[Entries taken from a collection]
——

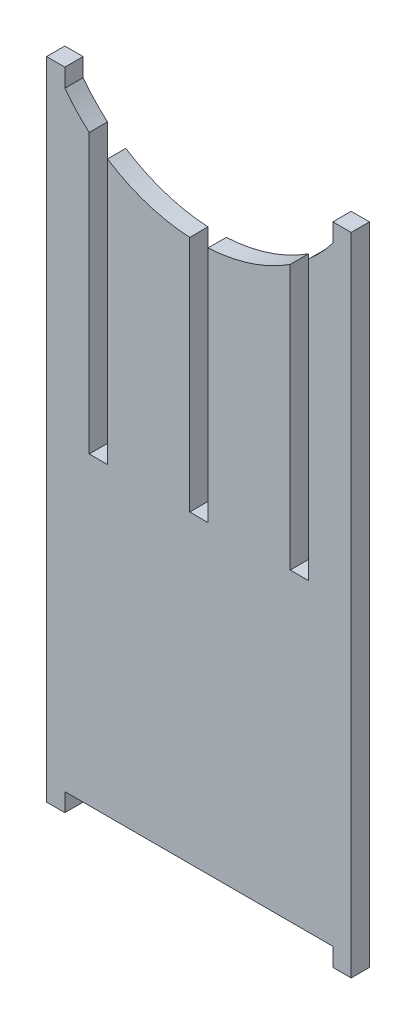
ISO-10303-21;
HEADER;
FILE_DESCRIPTION(('STEP AP214'),'2;1');
FILE_NAME('part.step','',(''),(''),'','','');
FILE_SCHEMA(('AUTOMOTIVE_DESIGN { 1 0 10303 214 1 1 1 1 }'));
ENDSEC;
DATA;
#1=APPLICATION_CONTEXT('core data for automotive mechanical design processes');
#2=APPLICATION_PROTOCOL_DEFINITION('international standard','automotive_design',2000,#1);
#3=PRODUCT_CONTEXT('',#1,'mechanical');
#4=PRODUCT('Part','Part','',(#3));
#5=PRODUCT_RELATED_PRODUCT_CATEGORY('part','',(#4));
#6=PRODUCT_DEFINITION_FORMATION('','',#4);
#7=PRODUCT_DEFINITION_CONTEXT('part definition',#1,'design');
#8=PRODUCT_DEFINITION('design','',#6,#7);
#9=PRODUCT_DEFINITION_SHAPE('','',#8);
#10=(LENGTH_UNIT() NAMED_UNIT(*) SI_UNIT(.MILLI.,.METRE.));
#11=(NAMED_UNIT(*) PLANE_ANGLE_UNIT() SI_UNIT($,.RADIAN.));
#12=(NAMED_UNIT(*) SI_UNIT($,.STERADIAN.) SOLID_ANGLE_UNIT());
#13=UNCERTAINTY_MEASURE_WITH_UNIT(LENGTH_MEASURE(1.E-05),#10,'distance_accuracy_value','');
#14=(GEOMETRIC_REPRESENTATION_CONTEXT(3) GLOBAL_UNCERTAINTY_ASSIGNED_CONTEXT((#13)) GLOBAL_UNIT_ASSIGNED_CONTEXT((#10,
#11,#12)) REPRESENTATION_CONTEXT('',''));
#15=CARTESIAN_POINT('',(0.,0.,0.));
#16=DIRECTION('',(0.,0.,1.));
#17=DIRECTION('',(1.,0.,0.));
#18=AXIS2_PLACEMENT_3D('',#15,#16,#17);
#19=CARTESIAN_POINT('',(-44.,0.,6.));
#20=DIRECTION('',(0.,1.,0.));
#21=DIRECTION('',(-1.,0.,0.));
#22=AXIS2_PLACEMENT_3D('',#19,#20,#21);
#23=PLANE('',#22);
#24=DIRECTION('',(1.,0.,0.));
#25=VECTOR('',#24,1.);
#26=CARTESIAN_POINT('',(-44.,0.,0.));
#27=LINE('',#26,#25);
#28=CARTESIAN_POINT('',(-50.,0.,0.));
#29=VERTEX_POINT('',#28);
#30=CARTESIAN_POINT('',(-44.,0.,0.));
#31=VERTEX_POINT('',#30);
#32=EDGE_CURVE('E351',#29,#31,#27,.T.);
#33=ORIENTED_EDGE('',*,*,#32,.T.);
#34=DIRECTION('',(0.,0.,-1.));
#35=VECTOR('',#34,1.);
#36=CARTESIAN_POINT('',(-44.,0.,6.));
#37=LINE('',#36,#35);
#38=CARTESIAN_POINT('',(-44.,0.,6.));
#39=VERTEX_POINT('',#38);
#40=EDGE_CURVE('E248',#39,#31,#37,.T.);
#41=ORIENTED_EDGE('',*,*,#40,.F.);
#42=DIRECTION('',(1.,0.,0.));
#43=VECTOR('',#42,1.);
#44=CARTESIAN_POINT('',(-44.,0.,6.));
#45=LINE('',#44,#43);
#46=CARTESIAN_POINT('',(-50.,0.,6.));
#47=VERTEX_POINT('',#46);
#48=EDGE_CURVE('E301',#47,#39,#45,.T.);
#49=ORIENTED_EDGE('',*,*,#48,.F.);
#50=DIRECTION('',(0.,0.,-1.));
#51=VECTOR('',#50,1.);
#52=CARTESIAN_POINT('',(-50.,0.,6.));
#53=LINE('',#52,#51);
#54=EDGE_CURVE('E302',#47,#29,#53,.T.);
#55=ORIENTED_EDGE('',*,*,#54,.T.);
#56=EDGE_LOOP('',(#33,#41,#49,#55));
#57=FACE_BOUND('',#56,.T.);
#58=ADVANCED_FACE('F39',(#57),#23,.F.);
#59=CARTESIAN_POINT('',(-44.,5.99999999999999,6.));
#60=DIRECTION('',(-1.,0.,0.));
#61=DIRECTION('',(0.,-1.,0.));
#62=AXIS2_PLACEMENT_3D('',#59,#60,#61);
#63=PLANE('',#62);
#64=DIRECTION('',(0.,1.,0.));
#65=VECTOR('',#64,1.);
#66=CARTESIAN_POINT('',(-44.,5.99999999999999,0.));
#67=LINE('',#66,#65);
#68=CARTESIAN_POINT('',(-44.,5.99999999999999,0.));
#69=VERTEX_POINT('',#68);
#70=EDGE_CURVE('E349',#31,#69,#67,.T.);
#71=ORIENTED_EDGE('',*,*,#70,.T.);
#72=DIRECTION('',(0.,0.,-1.));
#73=VECTOR('',#72,1.);
#74=CARTESIAN_POINT('',(-44.,5.99999999999999,6.));
#75=LINE('',#74,#73);
#76=CARTESIAN_POINT('',(-44.,5.99999999999999,6.));
#77=VERTEX_POINT('',#76);
#78=EDGE_CURVE('E246',#77,#69,#75,.T.);
#79=ORIENTED_EDGE('',*,*,#78,.F.);
#80=DIRECTION('',(0.,1.,0.));
#81=VECTOR('',#80,1.);
#82=CARTESIAN_POINT('',(-44.,5.99999999999999,6.));
#83=LINE('',#82,#81);
#84=EDGE_CURVE('E384',#39,#77,#83,.T.);
#85=ORIENTED_EDGE('',*,*,#84,.F.);
#86=ORIENTED_EDGE('',*,*,#40,.T.);
#87=EDGE_LOOP('',(#71,#79,#85,#86));
#88=FACE_BOUND('',#87,.T.);
#89=ADVANCED_FACE('F413',(#88),#63,.F.);
#90=CARTESIAN_POINT('',(44.,6.00000000000001,6.));
#91=DIRECTION('',(0.,1.,0.));
#92=DIRECTION('',(-1.,0.,0.));
#93=AXIS2_PLACEMENT_3D('',#90,#91,#92);
#94=PLANE('',#93);
#95=DIRECTION('',(1.,0.,0.));
#96=VECTOR('',#95,1.);
#97=CARTESIAN_POINT('',(44.,6.00000000000001,0.));
#98=LINE('',#97,#96);
#99=CARTESIAN_POINT('',(44.,6.00000000000001,0.));
#100=VERTEX_POINT('',#99);
#101=EDGE_CURVE('E347',#69,#100,#98,.T.);
#102=ORIENTED_EDGE('',*,*,#101,.T.);
#103=DIRECTION('',(0.,0.,-1.));
#104=VECTOR('',#103,1.);
#105=CARTESIAN_POINT('',(44.,6.00000000000001,6.));
#106=LINE('',#105,#104);
#107=CARTESIAN_POINT('',(44.,6.00000000000001,6.));
#108=VERTEX_POINT('',#107);
#109=EDGE_CURVE('E243',#108,#100,#106,.T.);
#110=ORIENTED_EDGE('',*,*,#109,.F.);
#111=DIRECTION('',(1.,0.,0.));
#112=VECTOR('',#111,1.);
#113=CARTESIAN_POINT('',(44.,6.00000000000001,6.));
#114=LINE('',#113,#112);
#115=EDGE_CURVE('E382',#77,#108,#114,.T.);
#116=ORIENTED_EDGE('',*,*,#115,.F.);
#117=ORIENTED_EDGE('',*,*,#78,.T.);
#118=EDGE_LOOP('',(#102,#110,#116,#117));
#119=FACE_BOUND('',#118,.T.);
#120=ADVANCED_FACE('F418',(#119),#94,.F.);
#121=CARTESIAN_POINT('',(44.,0.,6.));
#122=DIRECTION('',(1.,0.,0.));
#123=DIRECTION('',(0.,0.,-1.));
#124=AXIS2_PLACEMENT_3D('',#121,#122,#123);
#125=PLANE('',#124);
#126=DIRECTION('',(0.,-1.,0.));
#127=VECTOR('',#126,1.);
#128=CARTESIAN_POINT('',(44.,0.,0.));
#129=LINE('',#128,#127);
#130=CARTESIAN_POINT('',(44.,0.,0.));
#131=VERTEX_POINT('',#130);
#132=EDGE_CURVE('E345',#100,#131,#129,.T.);
#133=ORIENTED_EDGE('',*,*,#132,.T.);
#134=DIRECTION('',(0.,0.,-1.));
#135=VECTOR('',#134,1.);
#136=CARTESIAN_POINT('',(44.,0.,6.));
#137=LINE('',#136,#135);
#138=CARTESIAN_POINT('',(44.,0.,6.));
#139=VERTEX_POINT('',#138);
#140=EDGE_CURVE('E240',#139,#131,#137,.T.);
#141=ORIENTED_EDGE('',*,*,#140,.F.);
#142=DIRECTION('',(0.,-1.,0.));
#143=VECTOR('',#142,1.);
#144=CARTESIAN_POINT('',(44.,0.,6.));
#145=LINE('',#144,#143);
#146=EDGE_CURVE('E380',#108,#139,#145,.T.);
#147=ORIENTED_EDGE('',*,*,#146,.F.);
#148=ORIENTED_EDGE('',*,*,#109,.T.);
#149=EDGE_LOOP('',(#133,#141,#147,#148));
#150=FACE_BOUND('',#149,.T.);
#151=ADVANCED_FACE('F625',(#150),#125,.F.);
#152=CARTESIAN_POINT('',(50.,0.,6.));
#153=DIRECTION('',(0.,1.,0.));
#154=DIRECTION('',(-1.,0.,0.));
#155=AXIS2_PLACEMENT_3D('',#152,#153,#154);
#156=PLANE('',#155);
#157=DIRECTION('',(1.,0.,0.));
#158=VECTOR('',#157,1.);
#159=CARTESIAN_POINT('',(50.,0.,0.));
#160=LINE('',#159,#158);
#161=CARTESIAN_POINT('',(50.,0.,0.));
#162=VERTEX_POINT('',#161);
#163=EDGE_CURVE('E343',#131,#162,#160,.T.);
#164=ORIENTED_EDGE('',*,*,#163,.T.);
#165=DIRECTION('',(0.,0.,-1.));
#166=VECTOR('',#165,1.);
#167=CARTESIAN_POINT('',(50.,0.,6.));
#168=LINE('',#167,#166);
#169=CARTESIAN_POINT('',(50.,0.,6.));
#170=VERTEX_POINT('',#169);
#171=EDGE_CURVE('E237',#170,#162,#168,.T.);
#172=ORIENTED_EDGE('',*,*,#171,.F.);
#173=DIRECTION('',(1.,0.,0.));
#174=VECTOR('',#173,1.);
#175=CARTESIAN_POINT('',(50.,0.,6.));
#176=LINE('',#175,#174);
#177=EDGE_CURVE('E378',#139,#170,#176,.T.);
#178=ORIENTED_EDGE('',*,*,#177,.F.);
#179=ORIENTED_EDGE('',*,*,#140,.T.);
#180=EDGE_LOOP('',(#164,#172,#178,#179));
#181=FACE_BOUND('',#180,.T.);
#182=ADVANCED_FACE('F616',(#181),#156,.F.);
#183=CARTESIAN_POINT('',(50.,212.,6.));
#184=DIRECTION('',(-1.,0.,0.));
#185=DIRECTION('',(0.,0.,1.));
#186=AXIS2_PLACEMENT_3D('',#183,#184,#185);
#187=PLANE('',#186);
#188=DIRECTION('',(0.,1.,0.));
#189=VECTOR('',#188,1.);
#190=CARTESIAN_POINT('',(50.,212.,0.));
#191=LINE('',#190,#189);
#192=CARTESIAN_POINT('',(50.,212.,0.));
#193=VERTEX_POINT('',#192);
#194=EDGE_CURVE('E341',#162,#193,#191,.T.);
#195=ORIENTED_EDGE('',*,*,#194,.T.);
#196=DIRECTION('',(0.,0.,-1.));
#197=VECTOR('',#196,1.);
#198=CARTESIAN_POINT('',(50.,212.,6.));
#199=LINE('',#198,#197);
#200=CARTESIAN_POINT('',(50.,212.,6.));
#201=VERTEX_POINT('',#200);
#202=EDGE_CURVE('E228',#201,#193,#199,.T.);
#203=ORIENTED_EDGE('',*,*,#202,.F.);
#204=DIRECTION('',(0.,1.,0.));
#205=VECTOR('',#204,1.);
#206=CARTESIAN_POINT('',(50.,212.,6.));
#207=LINE('',#206,#205);
#208=EDGE_CURVE('E376',#170,#201,#207,.T.);
#209=ORIENTED_EDGE('',*,*,#208,.F.);
#210=ORIENTED_EDGE('',*,*,#171,.T.);
#211=EDGE_LOOP('',(#195,#203,#209,#210));
#212=FACE_BOUND('',#211,.T.);
#213=ADVANCED_FACE('F607',(#212),#187,.F.);
#214=CARTESIAN_POINT('',(44.,212.,6.));
#215=DIRECTION('',(0.,-1.,0.));
#216=DIRECTION('',(0.,0.,-1.));
#217=AXIS2_PLACEMENT_3D('',#214,#215,#216);
#218=PLANE('',#217);
#219=DIRECTION('',(-1.,0.,0.));
#220=VECTOR('',#219,1.);
#221=CARTESIAN_POINT('',(44.,212.,0.));
#222=LINE('',#221,#220);
#223=CARTESIAN_POINT('',(44.,212.,0.));
#224=VERTEX_POINT('',#223);
#225=EDGE_CURVE('E339',#193,#224,#222,.T.);
#226=ORIENTED_EDGE('',*,*,#225,.T.);
#227=DIRECTION('',(0.,0.,-1.));
#228=VECTOR('',#227,1.);
#229=CARTESIAN_POINT('',(44.,212.,6.));
#230=LINE('',#229,#228);
#231=CARTESIAN_POINT('',(44.,212.,6.));
#232=VERTEX_POINT('',#231);
#233=EDGE_CURVE('E225',#232,#224,#230,.T.);
#234=ORIENTED_EDGE('',*,*,#233,.F.);
#235=DIRECTION('',(-1.,0.,0.));
#236=VECTOR('',#235,1.);
#237=CARTESIAN_POINT('',(44.,212.,6.));
#238=LINE('',#237,#236);
#239=EDGE_CURVE('E215',#201,#232,#238,.T.);
#240=ORIENTED_EDGE('',*,*,#239,.F.);
#241=ORIENTED_EDGE('',*,*,#202,.T.);
#242=EDGE_LOOP('',(#226,#234,#240,#241));
#243=FACE_BOUND('',#242,.T.);
#244=ADVANCED_FACE('F410',(#243),#218,.F.);
#245=CARTESIAN_POINT('',(44.,206.,6.));
#246=DIRECTION('',(1.,0.,0.));
#247=DIRECTION('',(0.,0.,-1.));
#248=AXIS2_PLACEMENT_3D('',#245,#246,#247);
#249=PLANE('',#248);
#250=DIRECTION('',(0.,-1.,0.));
#251=VECTOR('',#250,1.);
#252=CARTESIAN_POINT('',(44.,206.,0.));
#253=LINE('',#252,#251);
#254=CARTESIAN_POINT('',(44.,206.,0.));
#255=VERTEX_POINT('',#254);
#256=EDGE_CURVE('E224',#224,#255,#253,.T.);
#257=ORIENTED_EDGE('',*,*,#256,.T.);
#258=DIRECTION('',(0.,0.,-1.));
#259=VECTOR('',#258,1.);
#260=CARTESIAN_POINT('',(44.,206.,6.));
#261=LINE('',#260,#259);
#262=CARTESIAN_POINT('',(44.,206.,6.));
#263=VERTEX_POINT('',#262);
#264=EDGE_CURVE('E202',#263,#255,#261,.T.);
#265=ORIENTED_EDGE('',*,*,#264,.F.);
#266=DIRECTION('',(0.,-1.,0.));
#267=VECTOR('',#266,1.);
#268=CARTESIAN_POINT('',(44.,206.,6.));
#269=LINE('',#268,#267);
#270=EDGE_CURVE('E212',#232,#263,#269,.T.);
#271=ORIENTED_EDGE('',*,*,#270,.F.);
#272=ORIENTED_EDGE('',*,*,#233,.T.);
#273=EDGE_LOOP('',(#257,#265,#271,#272));
#274=FACE_BOUND('',#273,.T.);
#275=ADVANCED_FACE('F222',(#274),#249,.F.);
#276=CARTESIAN_POINT('',(36.,106.,6.));
#277=DIRECTION('',(1.,0.,0.));
#278=DIRECTION('',(0.,0.,-1.));
#279=AXIS2_PLACEMENT_3D('',#276,#277,#278);
#280=PLANE('',#279);
#281=DIRECTION('',(0.,-1.,0.));
#282=VECTOR('',#281,1.);
#283=CARTESIAN_POINT('',(36.,106.,6.));
#284=LINE('',#283,#282);
#285=CARTESIAN_POINT('',(36.,197.418754227416,6.));
#286=VERTEX_POINT('',#285);
#287=CARTESIAN_POINT('',(36.,106.,6.));
#288=VERTEX_POINT('',#287);
#289=EDGE_CURVE('E219',#286,#288,#284,.T.);
#290=ORIENTED_EDGE('',*,*,#289,.F.);
#291=DIRECTION('',(0.,0.,1.));
#292=VECTOR('',#291,1.);
#293=CARTESIAN_POINT('',(36.,197.418754227416,-4.));
#294=LINE('',#293,#292);
#295=CARTESIAN_POINT('',(36.,197.418754227416,0.));
#296=VERTEX_POINT('',#295);
#297=EDGE_CURVE('E205',#286,#296,#294,.F.);
#298=ORIENTED_EDGE('',*,*,#297,.T.);
#299=DIRECTION('',(0.,-1.,0.));
#300=VECTOR('',#299,1.);
#301=CARTESIAN_POINT('',(36.,106.,0.));
#302=LINE('',#301,#300);
#303=CARTESIAN_POINT('',(36.,106.,0.));
#304=VERTEX_POINT('',#303);
#305=EDGE_CURVE('E335',#296,#304,#302,.T.);
#306=ORIENTED_EDGE('',*,*,#305,.T.);
#307=DIRECTION('',(0.,0.,-1.));
#308=VECTOR('',#307,1.);
#309=CARTESIAN_POINT('',(36.,106.,6.));
#310=LINE('',#309,#308);
#311=EDGE_CURVE('E226',#288,#304,#310,.T.);
#312=ORIENTED_EDGE('',*,*,#311,.F.);
#313=EDGE_LOOP('',(#290,#298,#306,#312));
#314=FACE_BOUND('',#313,.T.);
#315=ADVANCED_FACE('F401',(#314),#280,.F.);
#316=CARTESIAN_POINT('',(30.,106.,6.));
#317=DIRECTION('',(0.,-1.,0.));
#318=DIRECTION('',(0.,0.,-1.));
#319=AXIS2_PLACEMENT_3D('',#316,#317,#318);
#320=PLANE('',#319);
#321=DIRECTION('',(-1.,0.,0.));
#322=VECTOR('',#321,1.);
#323=CARTESIAN_POINT('',(30.,106.,0.));
#324=LINE('',#323,#322);
#325=CARTESIAN_POINT('',(30.,106.,0.));
#326=VERTEX_POINT('',#325);
#327=EDGE_CURVE('E282',#304,#326,#324,.T.);
#328=ORIENTED_EDGE('',*,*,#327,.T.);
#329=DIRECTION('',(0.,0.,-1.));
#330=VECTOR('',#329,1.);
#331=CARTESIAN_POINT('',(30.,106.,6.));
#332=LINE('',#331,#330);
#333=CARTESIAN_POINT('',(30.,106.,6.));
#334=VERTEX_POINT('',#333);
#335=EDGE_CURVE('E231',#334,#326,#332,.T.);
#336=ORIENTED_EDGE('',*,*,#335,.F.);
#337=DIRECTION('',(-1.,0.,0.));
#338=VECTOR('',#337,1.);
#339=CARTESIAN_POINT('',(30.,106.,6.));
#340=LINE('',#339,#338);
#341=EDGE_CURVE('E372',#288,#334,#340,.T.);
#342=ORIENTED_EDGE('',*,*,#341,.F.);
#343=ORIENTED_EDGE('',*,*,#311,.T.);
#344=EDGE_LOOP('',(#328,#336,#342,#343));
#345=FACE_BOUND('',#344,.T.);
#346=ADVANCED_FACE('F399',(#345),#320,.F.);
#347=CARTESIAN_POINT('',(30.,206.,6.));
#348=DIRECTION('',(-1.,0.,0.));
#349=DIRECTION('',(0.,-1.,0.));
#350=AXIS2_PLACEMENT_3D('',#347,#348,#349);
#351=PLANE('',#350);
#352=DIRECTION('',(0.,1.,0.));
#353=VECTOR('',#352,1.);
#354=CARTESIAN_POINT('',(30.,206.,0.));
#355=LINE('',#354,#353);
#356=CARTESIAN_POINT('',(30.,192.902277713536,0.));
#357=VERTEX_POINT('',#356);
#358=EDGE_CURVE('E278',#326,#357,#355,.T.);
#359=ORIENTED_EDGE('',*,*,#358,.T.);
#360=DIRECTION('',(0.,0.,1.));
#361=VECTOR('',#360,1.);
#362=CARTESIAN_POINT('',(30.,192.902277713536,-4.));
#363=LINE('',#362,#361);
#364=CARTESIAN_POINT('',(30.,192.902277713536,6.));
#365=VERTEX_POINT('',#364);
#366=EDGE_CURVE('E54',#357,#365,#363,.T.);
#367=ORIENTED_EDGE('',*,*,#366,.T.);
#368=DIRECTION('',(0.,1.,0.));
#369=VECTOR('',#368,1.);
#370=CARTESIAN_POINT('',(30.,206.,6.));
#371=LINE('',#370,#369);
#372=EDGE_CURVE('E330',#334,#365,#371,.T.);
#373=ORIENTED_EDGE('',*,*,#372,.F.);
#374=ORIENTED_EDGE('',*,*,#335,.T.);
#375=EDGE_LOOP('',(#359,#367,#373,#374));
#376=FACE_BOUND('',#375,.T.);
#377=ADVANCED_FACE('F328',(#376),#351,.F.);
#378=CARTESIAN_POINT('',(3.,106.,6.));
#379=DIRECTION('',(1.,0.,0.));
#380=DIRECTION('',(0.,1.,0.));
#381=AXIS2_PLACEMENT_3D('',#378,#379,#380);
#382=PLANE('',#381);
#383=DIRECTION('',(0.,-1.,0.));
#384=VECTOR('',#383,1.);
#385=CARTESIAN_POINT('',(3.,106.,6.));
#386=LINE('',#385,#384);
#387=CARTESIAN_POINT('',(2.99999999999999,184.081879129016,6.));
#388=VERTEX_POINT('',#387);
#389=CARTESIAN_POINT('',(3.,106.,6.));
#390=VERTEX_POINT('',#389);
#391=EDGE_CURVE('E272',#388,#390,#386,.T.);
#392=ORIENTED_EDGE('',*,*,#391,.F.);
#393=DIRECTION('',(0.,0.,1.));
#394=VECTOR('',#393,1.);
#395=CARTESIAN_POINT('',(2.99999999999999,184.081879129016,-4.));
#396=LINE('',#395,#394);
#397=CARTESIAN_POINT('',(2.99999999999999,184.081879129016,0.));
#398=VERTEX_POINT('',#397);
#399=EDGE_CURVE('E260',#388,#398,#396,.F.);
#400=ORIENTED_EDGE('',*,*,#399,.T.);
#401=DIRECTION('',(0.,-1.,0.));
#402=VECTOR('',#401,1.);
#403=CARTESIAN_POINT('',(3.,106.,0.));
#404=LINE('',#403,#402);
#405=CARTESIAN_POINT('',(3.,106.,0.));
#406=VERTEX_POINT('',#405);
#407=EDGE_CURVE('E270',#398,#406,#404,.T.);
#408=ORIENTED_EDGE('',*,*,#407,.T.);
#409=DIRECTION('',(0.,0.,-1.));
#410=VECTOR('',#409,1.);
#411=CARTESIAN_POINT('',(3.,106.,6.));
#412=LINE('',#411,#410);
#413=EDGE_CURVE('E323',#390,#406,#412,.T.);
#414=ORIENTED_EDGE('',*,*,#413,.F.);
#415=EDGE_LOOP('',(#392,#400,#408,#414));
#416=FACE_BOUND('',#415,.T.);
#417=ADVANCED_FACE('F268',(#416),#382,.F.);
#418=CARTESIAN_POINT('',(-3.,106.,6.));
#419=DIRECTION('',(0.,-1.,0.));
#420=DIRECTION('',(0.,0.,-1.));
#421=AXIS2_PLACEMENT_3D('',#418,#419,#420);
#422=PLANE('',#421);
#423=DIRECTION('',(-1.,0.,0.));
#424=VECTOR('',#423,1.);
#425=CARTESIAN_POINT('',(-3.,106.,0.));
#426=LINE('',#425,#424);
#427=CARTESIAN_POINT('',(-3.,106.,0.));
#428=VERTEX_POINT('',#427);
#429=EDGE_CURVE('E277',#406,#428,#426,.T.);
#430=ORIENTED_EDGE('',*,*,#429,.T.);
#431=DIRECTION('',(0.,0.,-1.));
#432=VECTOR('',#431,1.);
#433=CARTESIAN_POINT('',(-3.,106.,6.));
#434=LINE('',#433,#432);
#435=CARTESIAN_POINT('',(-3.,106.,6.));
#436=VERTEX_POINT('',#435);
#437=EDGE_CURVE('E320',#436,#428,#434,.T.);
#438=ORIENTED_EDGE('',*,*,#437,.F.);
#439=DIRECTION('',(-1.,0.,0.));
#440=VECTOR('',#439,1.);
#441=CARTESIAN_POINT('',(-3.,106.,6.));
#442=LINE('',#441,#440);
#443=EDGE_CURVE('E368',#390,#436,#442,.T.);
#444=ORIENTED_EDGE('',*,*,#443,.F.);
#445=ORIENTED_EDGE('',*,*,#413,.T.);
#446=EDGE_LOOP('',(#430,#438,#444,#445));
#447=FACE_BOUND('',#446,.T.);
#448=ADVANCED_FACE('F466',(#447),#422,.F.);
#449=CARTESIAN_POINT('',(-3.00000000000002,206.,6.));
#450=DIRECTION('',(-1.,0.,0.));
#451=DIRECTION('',(0.,-1.,0.));
#452=AXIS2_PLACEMENT_3D('',#449,#450,#451);
#453=PLANE('',#452);
#454=DIRECTION('',(0.,1.,0.));
#455=VECTOR('',#454,1.);
#456=CARTESIAN_POINT('',(-3.00000000000002,206.,0.));
#457=LINE('',#456,#455);
#458=CARTESIAN_POINT('',(-3.00000000000001,184.081879129016,0.));
#459=VERTEX_POINT('',#458);
#460=EDGE_CURVE('E280',#428,#459,#457,.T.);
#461=ORIENTED_EDGE('',*,*,#460,.T.);
#462=DIRECTION('',(0.,0.,1.));
#463=VECTOR('',#462,1.);
#464=CARTESIAN_POINT('',(-3.00000000000001,184.081879129016,-4.));
#465=LINE('',#464,#463);
#466=CARTESIAN_POINT('',(-3.00000000000001,184.081879129016,6.));
#467=VERTEX_POINT('',#466);
#468=EDGE_CURVE('E62',#459,#467,#465,.T.);
#469=ORIENTED_EDGE('',*,*,#468,.T.);
#470=DIRECTION('',(0.,1.,0.));
#471=VECTOR('',#470,1.);
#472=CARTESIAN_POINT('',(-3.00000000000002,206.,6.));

——

» **What needs to be done**
Word for word, repeat the lines from the one holding "#454=DIRECTION('',(0.,1.,0.));" through the last line of the entries, both included.

» **Your response**
#454=DIRECTION('',(0.,1.,0.));
#455=VECTOR('',#454,1.);
#456=CARTESIAN_POINT('',(-3.00000000000002,206.,0.));
#457=LINE('',#456,#455);
#458=CARTESIAN_POINT('',(-3.00000000000001,184.081879129016,0.));
#459=VERTEX_POINT('',#458);
#460=EDGE_CURVE('E280',#428,#459,#457,.T.);
#461=ORIENTED_EDGE('',*,*,#460,.T.);
#462=DIRECTION('',(0.,0.,1.));
#463=VECTOR('',#462,1.);
#464=CARTESIAN_POINT('',(-3.00000000000001,184.081879129016,-4.));
#465=LINE('',#464,#463);
#466=CARTESIAN_POINT('',(-3.00000000000001,184.081879129016,6.));
#467=VERTEX_POINT('',#466);
#468=EDGE_CURVE('E62',#459,#467,#465,.T.);
#469=ORIENTED_EDGE('',*,*,#468,.T.);
#470=DIRECTION('',(0.,1.,0.));
#471=VECTOR('',#470,1.);
#472=CARTESIAN_POINT('',(-3.00000000000002,206.,6.));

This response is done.